Equation-Free Coarse Control of Distributed Parameter Systems via Local Neural Operators
- URL: http://arxiv.org/abs/2509.23975v1
- Date: Sun, 28 Sep 2025 17:01:53 GMT
- Title: Equation-Free Coarse Control of Distributed Parameter Systems via Local Neural Operators
- Authors: Gianluca Fabiani, Constantinos Siettos, Ioannis G. Kevrekidis,
- Abstract summary: We propose a data-driven alternative that uses local neural operators, trained on microscopic/mesoscopic data, to obtain efficient short-time solution operators.<n> Krylov-Arnoldi then approximate the dominant eigenspectrum, yielding reduced models that capture the open-loop slow dynamics without explicit Jacobian assembly.

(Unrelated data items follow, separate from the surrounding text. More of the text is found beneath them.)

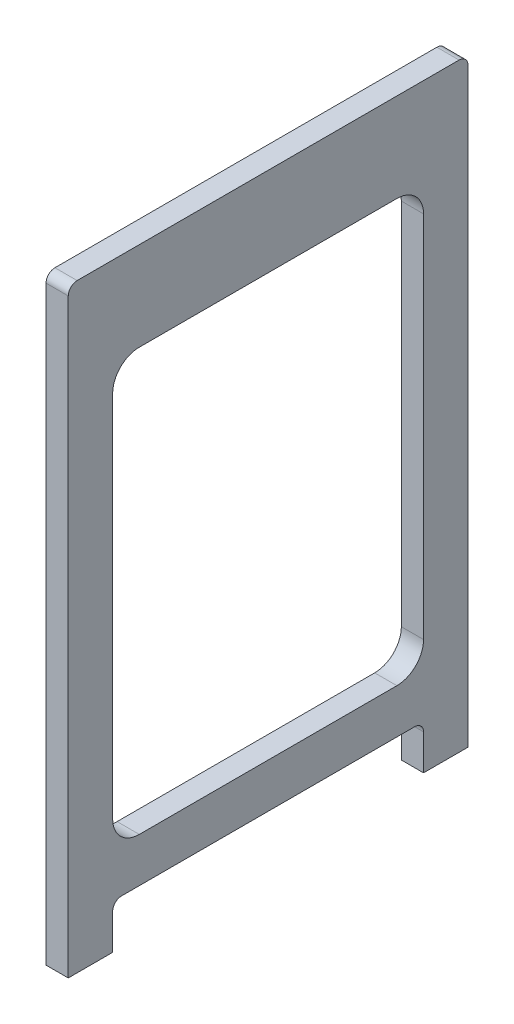
ISO-10303-21;
HEADER;
FILE_DESCRIPTION(('STEP AP214'),'2;1');
FILE_NAME('part.step','',(''),(''),'','','');
FILE_SCHEMA(('AUTOMOTIVE_DESIGN { 1 0 10303 214 1 1 1 1 }'));
ENDSEC;
DATA;
#1=APPLICATION_CONTEXT('core data for automotive mechanical design processes');
#2=APPLICATION_PROTOCOL_DEFINITION('international standard','automotive_design',2000,#1);
#3=PRODUCT_CONTEXT('',#1,'mechanical');
#4=PRODUCT('Part','Part','',(#3));
#5=PRODUCT_RELATED_PRODUCT_CATEGORY('part','',(#4));
#6=PRODUCT_DEFINITION_FORMATION('','',#4);
#7=PRODUCT_DEFINITION_CONTEXT('part definition',#1,'design');
#8=PRODUCT_DEFINITION('design','',#6,#7);
#9=PRODUCT_DEFINITION_SHAPE('','',#8);
#10=(LENGTH_UNIT() NAMED_UNIT(*) SI_UNIT(.MILLI.,.METRE.));
#11=(NAMED_UNIT(*) PLANE_ANGLE_UNIT() SI_UNIT($,.RADIAN.));
#12=(NAMED_UNIT(*) SI_UNIT($,.STERADIAN.) SOLID_ANGLE_UNIT());
#13=UNCERTAINTY_MEASURE_WITH_UNIT(LENGTH_MEASURE(1.E-05),#10,'distance_accuracy_value','');
#14=(GEOMETRIC_REPRESENTATION_CONTEXT(3) GLOBAL_UNCERTAINTY_ASSIGNED_CONTEXT((#13)) GLOBAL_UNIT_ASSIGNED_CONTEXT((#10,
#11,#12)) REPRESENTATION_CONTEXT('',''));
#15=CARTESIAN_POINT('',(0.,0.,0.));
#16=DIRECTION('',(0.,0.,1.));
#17=DIRECTION('',(1.,0.,0.));
#18=AXIS2_PLACEMENT_3D('',#15,#16,#17);
#19=CARTESIAN_POINT('',(12.5,330.,-110.));
#20=DIRECTION('',(-1.,0.,0.));
#21=DIRECTION('',(0.,0.,1.));
#22=AXIS2_PLACEMENT_3D('',#19,#20,#21);
#23=CYLINDRICAL_SURFACE('',#22,2.5);
#24=CARTESIAN_POINT('',(-12.5,330.,-110.));
#25=DIRECTION('',(1.,0.,0.));
#26=DIRECTION('',(0.,0.,1.));
#27=AXIS2_PLACEMENT_3D('',#24,#25,#26);
#28=CIRCLE('',#27,2.5);
#29=CARTESIAN_POINT('',(-12.5,330.,-107.5));
#30=VERTEX_POINT('',#29);
#31=EDGE_CURVE('E356',#30,#30,#28,.T.);
#32=ORIENTED_EDGE('',*,*,#31,.F.);
#33=EDGE_LOOP('',(#32));
#34=FACE_BOUND('',#33,.T.);
#35=CARTESIAN_POINT('',(-2.5,330.,-110.));
#36=DIRECTION('',(1.,0.,0.));
#37=DIRECTION('',(0.,0.,-1.));
#38=AXIS2_PLACEMENT_3D('',#35,#36,#37);
#39=CIRCLE('',#38,2.5);
#40=CARTESIAN_POINT('',(-2.5,330.,-112.5));
#41=VERTEX_POINT('',#40);
#42=EDGE_CURVE('E380',#41,#41,#39,.T.);
#43=ORIENTED_EDGE('',*,*,#42,.T.);
#44=EDGE_LOOP('',(#43));
#45=FACE_BOUND('',#44,.T.);
#46=ADVANCED_FACE('F34',(#34,#45),#23,.F.);
#47=CARTESIAN_POINT('',(12.5,315.,-130.));
#48=DIRECTION('',(-1.,0.,0.));
#49=DIRECTION('',(0.,0.,1.));
#50=AXIS2_PLACEMENT_3D('',#47,#48,#49);
#51=CYLINDRICAL_SURFACE('',#50,2.5);
#52=CARTESIAN_POINT('',(-12.5,315.,-130.));
#53=DIRECTION('',(1.,0.,0.));
#54=DIRECTION('',(0.,0.,1.));
#55=AXIS2_PLACEMENT_3D('',#52,#53,#54);
#56=CIRCLE('',#55,2.5);
#57=CARTESIAN_POINT('',(-12.5,315.,-127.5));
#58=VERTEX_POINT('',#57);
#59=EDGE_CURVE('E362',#58,#58,#56,.T.);
#60=ORIENTED_EDGE('',*,*,#59,.F.);
#61=EDGE_LOOP('',(#60));
#62=FACE_BOUND('',#61,.T.);
#63=CARTESIAN_POINT('',(-2.5,315.,-130.));
#64=DIRECTION('',(1.,0.,0.));
#65=DIRECTION('',(0.,0.,-1.));
#66=AXIS2_PLACEMENT_3D('',#63,#64,#65);
#67=CIRCLE('',#66,2.5);
#68=CARTESIAN_POINT('',(-2.5,315.,-132.5));
#69=VERTEX_POINT('',#68);
#70=EDGE_CURVE('E377',#69,#69,#67,.T.);
#71=ORIENTED_EDGE('',*,*,#70,.T.);
#72=EDGE_LOOP('',(#71));
#73=FACE_BOUND('',#72,.T.);
#74=ADVANCED_FACE('F401',(#62,#73),#51,.F.);
#75=CARTESIAN_POINT('',(12.5,330.,-150.));
#76=DIRECTION('',(-1.,0.,0.));
#77=DIRECTION('',(0.,0.,1.));
#78=AXIS2_PLACEMENT_3D('',#75,#76,#77);
#79=CYLINDRICAL_SURFACE('',#78,2.5);
#80=CARTESIAN_POINT('',(-12.5,330.,-150.));
#81=DIRECTION('',(1.,0.,0.));
#82=DIRECTION('',(0.,0.,1.));
#83=AXIS2_PLACEMENT_3D('',#80,#81,#82);
#84=CIRCLE('',#83,2.5);
#85=CARTESIAN_POINT('',(-12.5,330.,-147.5));
#86=VERTEX_POINT('',#85);
#87=EDGE_CURVE('E359',#86,#86,#84,.T.);
#88=ORIENTED_EDGE('',*,*,#87,.F.);
#89=EDGE_LOOP('',(#88));
#90=FACE_BOUND('',#89,.T.);
#91=CARTESIAN_POINT('',(-2.5,330.,-150.));
#92=DIRECTION('',(1.,0.,0.));
#93=DIRECTION('',(0.,0.,-1.));
#94=AXIS2_PLACEMENT_3D('',#91,#92,#93);
#95=CIRCLE('',#94,2.5);
#96=CARTESIAN_POINT('',(-2.5,330.,-152.5));
#97=VERTEX_POINT('',#96);
#98=EDGE_CURVE('E374',#97,#97,#95,.T.);
#99=ORIENTED_EDGE('',*,*,#98,.T.);
#100=EDGE_LOOP('',(#99));
#101=FACE_BOUND('',#100,.T.);
#102=ADVANCED_FACE('F407',(#90,#101),#79,.F.);
#103=CARTESIAN_POINT('',(12.5,330.,150.));
#104=DIRECTION('',(-1.,0.,0.));
#105=DIRECTION('',(0.,0.,1.));
#106=AXIS2_PLACEMENT_3D('',#103,#104,#105);
#107=CYLINDRICAL_SURFACE('',#106,2.5);
#108=CARTESIAN_POINT('',(-12.5,330.,150.));
#109=DIRECTION('',(1.,0.,0.));
#110=DIRECTION('',(0.,0.,-1.));
#111=AXIS2_PLACEMENT_3D('',#108,#109,#110);
#112=CIRCLE('',#111,2.5);
#113=CARTESIAN_POINT('',(-12.5,330.,147.5));
#114=VERTEX_POINT('',#113);
#115=EDGE_CURVE('E337',#114,#114,#112,.T.);
#116=ORIENTED_EDGE('',*,*,#115,.F.);
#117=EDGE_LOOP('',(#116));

- Score: 1.5484595752241122
- License: http://creativecommons.org/licenses/by-nc-nd/4.0/
- Abstract: The control of high-dimensional distributed parameter systems (DPS) remains a challenge when explicit coarse-grained equations are unavailable. Classical equation-free (EF) approaches rely on fine-scale simulators treated as black-box timesteppers. However, repeated simulations for steady-state computation, linearization, and control design are often computationally prohibitive, or the microscopic timestepper may not even be available, leaving us with data as the only resource. We propose a data-driven alternative that uses local neural operators, trained on spatiotemporal microscopic/mesoscopic data, to obtain efficient short-time solution operators. These surrogates are employed within Krylov subspace methods to compute coarse steady and unsteady-states, while also providing Jacobian information in a matrix-free manner. Krylov-Arnoldi iterations then approximate the dominant eigenspectrum, yielding reduced models that capture the open-loop slow dynamics without explicit Jacobian assembly. Both discrete-time Linear Quadratic Regulator (dLQR) and pole-placement (PP) controllers are based on this reduced system and lifted back to the full nonlinear dynamics, thereby closing the feedback loop.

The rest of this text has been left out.